PIPELINE

Within the DataTask realm, a pipeline is a sequence of jobs which can be dependant to each others.

Building a pipeline

Gitbox pipeline representation

The construction of a pipeline relies on a pipeline.json file which resides in a directory task in the set up gitbox

Pipeline.json

Here, an example of a pipeline.json

{
    "name":"userlvi",
    "original":"SparkPipeline",
    "tasks":[
        {
            "name" :"createcluster",
            "namespacetask":"etl/create_dataproc_cluster",
            "run-if-error": false,
            "env": [
                {"name":"cluster_region", "value":"europe-west1"}
            ]
        },
        {
            "name" :"dataprocjob",
            "namespacetask":"etl/charges_dataproc",
            "dependance": ["createcluster"],
            "run-if-error": false,
            "env": []
        },
        {
            "name" :"deletecluster",
            "namespacetask":"etl/delete_dataproc_cluster",
            "dependance": ["dataprocjob"],
            "run-if-error": true,
            "env": []
        }
    ]
}

Description of fields :

  • name: (String) name of the pipeline

  • original: (String) name of the whole task

  • tasks: List of dicts, represents the jobs to deploy. Every dict is made of a:

    • name: String, represents the name of the job.

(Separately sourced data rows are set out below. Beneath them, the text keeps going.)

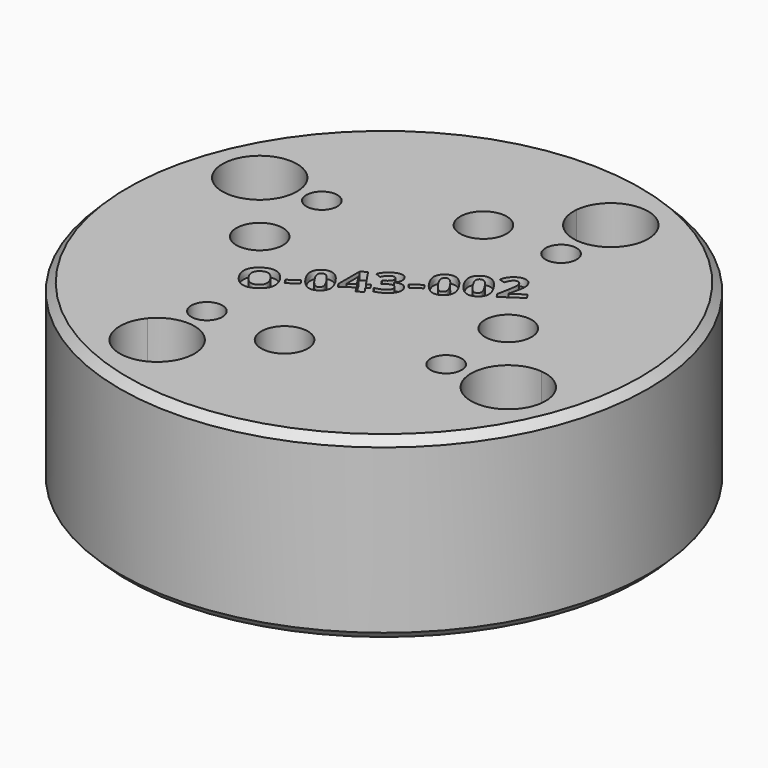
from build123d import *

# Parameters (mm, degrees)
F0_R         = 34
F0_R_2       = 2
F0_R_3       = 3
F1_DEPTH     = 23
F2_TEXT_SIZE = 6.1259651586
F3_DEPTH     = 1
F4_SIZE      = 1


# Not quite as in the source:
# - a feature names something its author has since deleted; it is built from what else it names
# - Text() gives the source's letters only with a copy of the font that has no kerning and outlines rounded to 1/6400 em; it was checked with that copy


with BuildPart() as f1:
    # F0 (on Top) → F1 (new body)
    with BuildSketch(Plane.XY):
        Circle(F0_R)
        with BuildLine():
            ThreePointArc((13.6837118225, 20.922620074), (21.9896884421, 11.8934268493), (25, 0))
            ThreePointArc((25, 0), (24.8618032514, -2.6250217314), (24.4487408728, -5.2210219054))
            ThreePointArc((24.4487408728, -5.2210219054), (27.5492221816, -6.7684335214), (28.8, -10))
            ThreePointArc((28.8, -10), (26.0332949067, -14.3480698962), (20.922620074, -13.6837118225))
            ThreePointArc((20.922620074, -13.6837118225), (9.5187451314, -23.1169524619), (-5.2210219054, -24.4487408728))
            ThreePointArc((-5.2210219054, -24.4487408728), (-11.8461538462, -28.4307692308), (-13.6837118225, -20.922620074))
            ThreePointArc((-13.6837118225, -20.922620074), (-23.1169524619, -9.5187451314), (-24.4487408728, 5.2210219054))
            ThreePointArc((-24.4487408728, 5.2210219054), (-28.4307692308, 11.8461538462), (-20.922620074, 13.6837118225))
            ThreePointArc((-20.922620074, 13.6837118225), (-9.5187451314, 23.1169524619), (5.2210219054, 24.4487408728))
            ThreePointArc((5.2210219054, 24.4487408728), (10.2246165017, 28.7947416434), (14.8, 24))
            ThreePointArc((14.8, 24), (14.5123063254, 22.363206908), (13.6837118225, 20.922620074))
        make_face(mode=Mode.SUBTRACT)
        with BuildLine():
            ThreePointArc((24.4487408728, -5.2210219054), (24.8618032514, -2.6250217314), (25, 0))
            ThreePointArc((25, 0), (21.9896884421, 11.8934268493), (13.6837118225, 20.922620074))
            ThreePointArc((13.6837118225, 20.922620074), (8.1538461538, 19.5692307692), (5.2210219054, 24.4487408728))
            ThreePointArc((5.2210219054, 24.4487408728), (-9.5187451314, 23.1169524619), (-20.922620074, 13.6837118225))
            ThreePointArc((-20.922620074, 13.6837118225), (-19.6519301038, 12.0332949067), (-19.2, 10))
            ThreePointArc((-19.2, 10), (-20.7684335214, 6.4507778184), (-24.4487408728, 5.2210219054))
            ThreePointArc((-24.4487408728, 5.2210219054), (-23.1169524619, -9.5187451314), (-13.6837118225, -20.922620074))
            ThreePointArc((-13.6837118225, -20.922620074), (-8.363206908, -19.4876936746), (-5.2, -24))
            ThreePointArc((-5.2, -24), (-5.2052583566, -24.2246165017), (-5.2210219054, -24.4487408728))
            ThreePointArc((-5.2210219054, -24.4487408728), (9.5187451314, -23.1169524619), (20.922620074, -13.6837118225))
            ThreePointArc((20.922620074, -13.6837118225), (19.5692307692, -8.1538461538), (24.4487408728, -5.2210219054))
        make_face()
        with Locations((-10, -16)):
            Circle(F0_R_2, mode=Mode.SUBTRACT)
        with Locations((0, -16)):
            Circle(F0_R_3, mode=Mode.SUBTRACT)
        with Locations((16, -10)):
            Circle(F0_R_2, mode=Mode.SUBTRACT)
        with Locations((-16, 0)):
            Circle(F0_R_3, mode=Mode.SUBTRACT)
        with Locations((-16, 10)):
            Circle(F0_R_2, mode=Mode.SUBTRACT)
        with Locations((16, 0)):
            Circle(F0_R_3, mode=Mode.SUBTRACT)
        with Locations((0, 16)):
            Circle(F0_R_3, mode=Mode.SUBTRACT)
        with Locations((10, 16)):
            Circle(F0_R_2, mode=Mode.SUBTRACT)
    extrude(amount=F1_DEPTH)

    # F2 (on face) → F3 (cut)
    with BuildSketch(Plane.XY.offset(23)):
        with Locations(Location((-11.2023489406, -10.2162094545), (0, 0, 34))):
            Text('O-043-002', F2_TEXT_SIZE, font='Open Sans', font_style=FontStyle.BOLD, text_align=(TextAlign.LEFT, TextAlign.BOTTOM))
    extrude(amount=-F3_DEPTH, mode=Mode.SUBTRACT)

    # F4
    f4_edges = [f1.edges().sort_by_distance(p)[0] for p in [
        (-34, 0, 23),
        (-34, 0, 0),
    ]]
    chamfer(f4_edges, length=F4_SIZE)


solid = f1.part
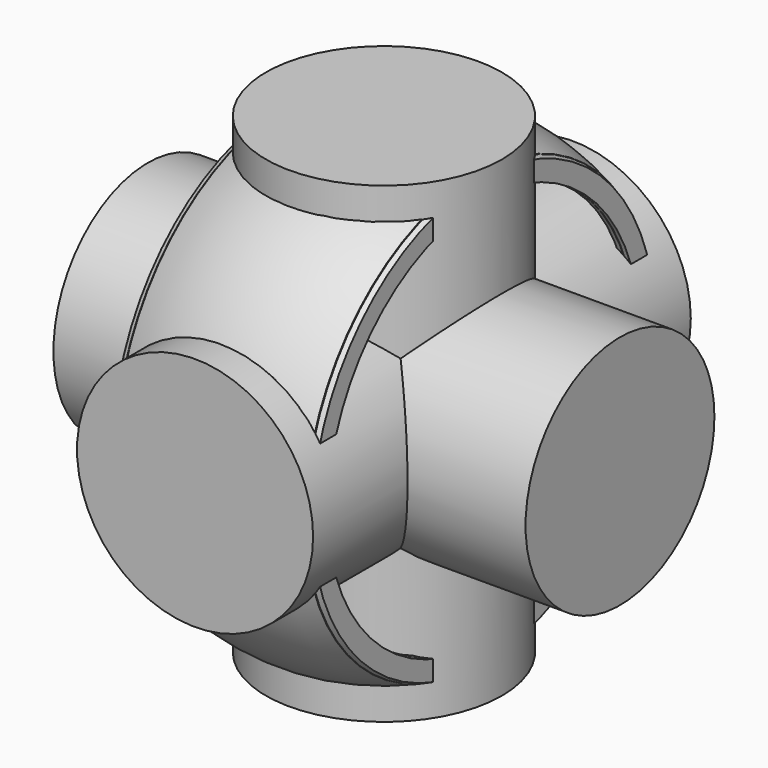
from build123d import *

# Parameters (mm, degrees)
F2_R     = 125
F5_DEPTH = 250
F3_R     = 125
F6_DEPTH = 250
F1_R     = 125
F7_DEPTH = 250


with BuildPart() as f4:
    # F0 (on Top) → F4 (revolve)
    with BuildSketch(Plane.XY):
        with BuildLine():
            Line((-100.5, 206.1547847478), (-100.5, 228.9099167795))
            ThreePointArc((-100.5, 228.9099167795), (-103.0062036193, 227.7931562096), (-105.5, 226.6489576415))
            Line((-105.5, 226.6489576415), (-105.5, 215.5684346095))
            Line((-105.5, 215.5684346095), (-105.5, 206.1547847478))
            Line((-105.5, 206.1547847478), (-100.5, 206.1547847478))
        make_face()
    revolve(axis=Axis((0, 0, 0), (1, 0, 0)))


with BuildPart() as f4b:
    # F0 (on Top) → F4, piece 2 (revolve)
    with BuildSketch(Plane.XY):
        with BuildLine():
            Line((-95, 225), (-95, 225.8317958127))
            ThreePointArc((-95, 225.8317958127), (-90.0216753203, 227.8620152033), (-85, 229.7825058615))
            ThreePointArc((-85, 229.7825058615), (-67.3162801965, 235.5706229998), (-49.244289009, 240))
            ThreePointArc((-49.244289009, 240), (-29.7190418638, 243.1908274395), (-10, 244.7958332979))
            Line((-10, 244.7958332979), (-10, 245))
            Line((-10, 245), (3.458e-07, 245))
            Line((3.458e-07, 245), (10, 245))
            Line((10, 245), (10, 244.7958332979))
            ThreePointArc((10, 244.7958332979), (29.7190418638, 243.1908274395), (49.244289009, 240))
            ThreePointArc((49.244289009, 240), (67.3162801965, 235.5706229998), (85, 229.7825058615))
            ThreePointArc((85, 229.7825058615), (90.0216753203, 227.8620152033), (95, 225.8317958127))
            Line((95, 225.8317958127), (95, 225))
            Line((95, 225), (95, 206.1547847478))
            Line((95, 206.1547847478), (100, 206.1547847478))
            Line((100, 206.1547847478), (100, 229.1287847478))
            ThreePointArc((100, 229.1287847478), (0, 250), (-100, 229.1287847478))
            Line((-100, 229.1287847478), (-100, 206.1547847478))
            Line((-100, 206.1547847478), (-95, 206.1547847478))
            Line((-95, 206.1547847478), (-95, 225))
        make_face()
    revolve(axis=Axis((0, 0, 0), (1, 0, 0)))


with BuildPart() as f4c:
    # F0 (on Top) → F4, piece 3 (revolve)
    with BuildSketch(Plane.XY):
        with BuildLine():
            ThreePointArc((105.5, 226.6489576415), (103.0062036193, 227.7931562096), (100.5, 228.9099167795))
            Line((100.5, 228.9099167795), (100.5, 206.1547847478))
            Line((100.5, 206.1547847478), (105.5, 206.1547847478))
            Line((105.5, 206.1547847478), (105.5, 215.5684346095))
            Line((105.5, 215.5684346095), (105.5, 226.6489576415))
        make_face()
    revolve(axis=Axis((0, 0, 0), (1, 0, 0)))


with BuildPart() as f5:
    # F2 (on Front) → F5 (new body, symmetric)
    with BuildSketch(Plane.XZ):
        Circle(F2_R)
    extrude(amount=F5_DEPTH, both=True)

    # F3 (on Top) → F6 (join, symmetric)
    with BuildSketch(Plane.XY):
        Circle(F3_R)
    extrude(amount=F6_DEPTH, both=True)

    # F1 (on Right) → F7 (join, symmetric)
    with BuildSketch(Plane.YZ):
        Circle(F1_R)
    extrude(amount=F7_DEPTH, both=True)


solid = Compound([f4.part, f4b.part, f4c.part, f5.part])

    • namespacetask: String, represents the gitbox directory task as shown here.

    • dependance: If set or present, contains a list of dependent jobs. Every single one has to be finished before the named job starts.

    • run-if-error: By default, "run-if-error" is set to false. If it is confgurer to true, the task will be launched in any case, even if the pipeline is in error.

    • env: List of dicts (name, value which have to be Strings). Defines the environment variable of the task. If the list is composed of at least one element, the variables of the task’s manifest.json will be overridden by those of this list.

Launch a pipeline (UI)

In the DataTask portal, select New pipeline

cookbook6 1

And arrive in this run pipeline page

cookbook8 2

The procedure consists of 3 steps:

Step 1 : The loading of a pipeline.

In this window you have two choices :

  1. Deploy your own pipeline from the "From the git" section

    1. Enter the name of the git repository.

    2. Enter the name of the directory containing the pipeline.json file.

    3. Enter the name of the branch from which the pipeline.json should be retrieved.

    4. Click on the button to start loading the pipeline.json from the git.

    5. Follow the status of the loading.

  2. Deploying a pipeline from a template using the "From a template" section

    1. Select a service template.

    2. Click on the button to load it.

Step 2 : The editing of the pipeline (optional).

On this window you have the possibility to modify the pipeline before deploying it (this is an optional step).

  1. Click the edit button to unlock the window and make changes to the pipeline.

  2. Edit it. To validate it press the "Apply" button. In case of an error you can cancel your modifications by using the "Restore" button.

Step 3 : Run.

This step consists in launch the pipeline defined by the pipeline.json visible on the screen on the Kubernetes cluster.

  1. Select the namespace in which to deploy every tasks of the pipeline.

  2. Click the button to launch it.

  3. Follow the pipeline status by clicking on the link "follow the progress".

Pipeline state

On this page, you could see the status pipeline and the application logs regarding the pipeline

cookbook8 3

Display pipelines

You can display the pipelines within a selected namespace. But first, from the portal go to Pipelines list.

cookbook6 1

Then select your namespace to see the pipelines, if exist

cookbook8 4

You can click on a pipeline to see its last status

FYI

If you want to schedule a pipeline, you just have to launch a cronjob with a pipeline as a task.